Image 12. Necrotic enteritis caused by Clostridium perfringens.

       Chronic exposure to DON induces immunosuppression in birds, increasing susceptibility to secondary infections that may compromise health. It is also associated with reduced feed intake and decreased laying performance (Kulcsár et al., 2023).

       In cases of acute exposure, diarrhea, anorexia, nausea, vomiting and intestinal irritation have been reported (Ochieng et al., 2021).
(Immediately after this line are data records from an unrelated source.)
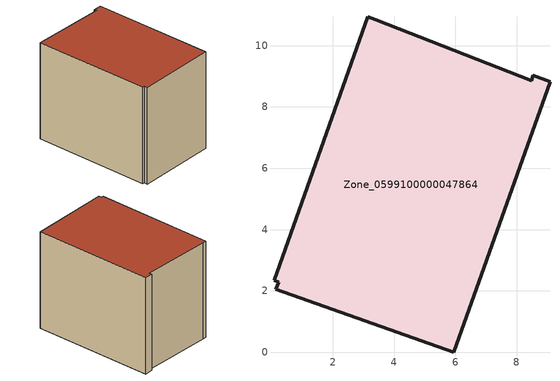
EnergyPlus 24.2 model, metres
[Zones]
Zone_0599100000047864
 floor ground (C_G): 0.15,2.06 0.23,2.29 0.08,2.34 3.15,10.94 3.4,10.85 8.49,8.85 8.52,9.03 9.09,8.83 5.95,0 z0.57
 wall outside (C_F): 0.23,2.29 0.15,2.06 5.95,0 9.09,8.83 8.52,9.03 8.49,8.85 3.4,10.85 3.15,10.94 0.08,2.34 0.23,2.29 z0.57:8.22
 roof outside (C_R): 8.49,8.85 3.4,10.85 3.15,10.94 0.08,2.34 0.23,2.29 0.15,2.06 5.95,0 9.09,8.83 8.52,9.03 z8.22
[BUILDING]
Pand.0599100000047864: North Axis=0; Terrain=City; Loads Convergence Tolerance Value=0.04; Temperature Convergence Tolerance Value=0.4; Solar Distribution=FullExterior; Maximum Number of Warmup Days=25; Minimum Number of Warmup Days=1
[Site:Location]
Rotterdam.The.Hague.AP_ZH_NLD Design_Conditions: Latitude=51.96; Longitude=4.45; Time Zone=1; Elevation=-4.5
[SITE:GROUNDTEMPERATURE:BUILDINGSURFACE]
18, 18, 18, 18, 18, 18, 18, 18, 18, 18, 18, 18
[MATERIAL] Thermal Absorptance=0.9; Solar Absorptance=0.7; Visible Absorptance=0.7
Name | Roughness | Thickness | Conductivity | Density | Specific Heat
G.TC.1965-1974 | MediumSmooth | 0.15 | 0.882353 | 540 | 1210
F.TC.1965-1974 | Rough | 0.3 | 0.697674 | 1920 | 840
R.TC.1965-1974 | MediumRough | 0.2 | 0.232558 | 1500 | 1000
[CONSTRUCTION]
C_G: G.TC.1965-1974
C_F: F.TC.1965-1974
C_R: R.TC.1965-1974
[ZONE]
Zone_0599100000047864: Type=1; Multiplier=1; Ceiling Height=Autocalculate; Volume=Autocalculate; Floor Area=autocalculate; Part of Total Floor Area=Yes
[ZONEINFILTRATION:DESIGNFLOWRATE]
Infil_Zone_0599100000047864: Zone or ZoneList or Space or SpaceList=Zone_0599100000047864; Schedule=AlwaysOn; Design Flow Rate Calculation Method=Flow/Area; Flow Rate per Floor Area=0.003; Constant Term Coefficient=1; Temperature Term Coefficient=0; Velocity Term Coefficient=0; Velocity Squared Term Coefficient=0
[HVACTEMPLATE:ZONE:IDEALLOADSAIRSYSTEM]
Zone_0599100000047864: Maximum Heating Supply Air Temperature=50; Minimum Cooling Supply Air Temperature=13; Maximum Heating Supply Air Humidity Ratio=0.0156; Minimum Cooling Supply Air Humidity Ratio=0.0077; Heating Limit=NoLimit; Cooling Limit=NoLimit; Dehumidification Control Type=ConstantSensibleHeatRatio; Cooling Sensible Heat Ratio=0.7; Dehumidification Setpoint=60; Humidification Control Type=None; Humidification Setpoint=30; Outdoor Air Method=None; Outdoor Air Flow Rate per Person=0.00944; Outdoor Air Flow Rate per Zone Floor Area=0; Outdoor Air Flow Rate per Zone=0; Demand Controlled Ventilation Type=None; Outdoor Air Economizer Type=NoEconomizer; Heat Recovery Type=None; Sensible Heat Recovery Effectiveness=0.7; Latent Heat Recovery Effectiveness=0.65
[ZONECONTROL:THERMOSTAT]
ThermostatControl_Zone_0599100000047864: Zone or ZoneList=Zone_0599100000047864; Control Type Schedule=DualSetpointControlType; Control 1=Thermostat_Zone_0599100000047864; Temperature Difference Between Cutout And Setpoint=0
[THERMOSTATSETPOINT:DUALSETPOINT]
Thermostat_Zone_0599100000047864: Heating Setpoint Temperature Schedule=HeatingSetpoint_Zone_0599100000047864; Cooling Setpoint Temperature Schedule=CoolingSetpoint_Zone_0599100000047864
[SCHEDULE:COMPACT]
HeatingSetpoint_Zone_0599100000047864: Through: 12/31, For: AllDays, Until: 24:00, 21
CoolingSetpoint_Zone_0599100000047864: Through: 12/31, For: AllDays, Until: 24:00, 24
DualSetpointControlType: Through: 12/31, For: AllDays, Until: 24:00, 4
AlwaysOn: Through: 12/31, For: AllDays, Until: 24:00, 1

DON is recognised for its neurotoxic, dermatotoxic, and emetic effects and has also been associated with reduced vaccine efficacy (Kulcsár et al., 2023).

Fumonisins

       Fumonisins induce renal alterations, diarrhea and reduced weight gain (Ochieng et al., 2021). In broiler chickens, exposure has been associated with impaired performance and hepatitis (Kulcsár et al., 2023).

       This is a sphingosine analogue compound, which leads to imbalances in sphingolipid synthesis (Kulcsár et al., 2023). Fumonisins accumulate in the liver and promote oxidative stress. They are also associated with disturbances in vitamin D, calcium and phosphorus absorption, contributing to rickets (Sokolović et al., 2022).

       Their gastrointestinal and immunosuppressive effects, together with those of DON, are considered predisposing factors for bacterial chondronecrosis with osteomyelitis (BCO). This syndrome leads to lesions such as femoral head necrosis, osteomyelitis, and tibial dyschondroplasia, which manifest clinically as lameness in birds (Shanmugasundaram et al., 2022; Alharbi et al., 2024).

Image 13.Progression of BCO femoral injuries.

Image 14.Progression of BCO tibial injuries.

Zearalenone

       Zearalenone (ZEN) is a mycotoxin produced by fungi of the genus Fusarium that primarily affects the reproductive system due to its oestrogenic activity (El-Sayed et al., 2022). It produces hormonal imbalances, causes miscarriages and fetal deaths, and has teratogenic effects (Ochieng et al., 2021; Wu et al., 2021).

       In laying hens exposed to this mycotoxin, a reduction in the egg-laying rate has been observed (Sifan et al., 2022). Studies show that adult female turkeys fed 100 mg/kg of zearalenone experienced up to a 20% reduction in egg production (Wu et al., 2021). These mycotoxins can cause lesions in the reproductive tract, such as prolapses (Dinev, 2021).

Image 15. Prolapses in poultry.

       Adverse effects have also been reported in adult males, including reductions in sperm count and increased sexual precocity. Exposure to dietary concentrations of 800 mg/kg has been associated with reduced comb size and decreased testicular development in some males (Coloma et al., 2018; Wu et al., 2021).

Image 16. Left: healthy bird testicle, right: testicular atrophy.

       In broilers, ZEN exposure has been associated with cases of achondroplasia and impaired performance (Sifan et al., 2022). ZEN is also known to exert hepatotoxic, nephrotoxic, and immunosuppressive effects (Wu et al., 2021).

Conclusion

Mycotoxins are capable of generating significant health problems in poultry, as well as significant economic losses for the global poultry industry. That is why we must be aware of the importance of these substances and act accordingly through prevention and control strategies.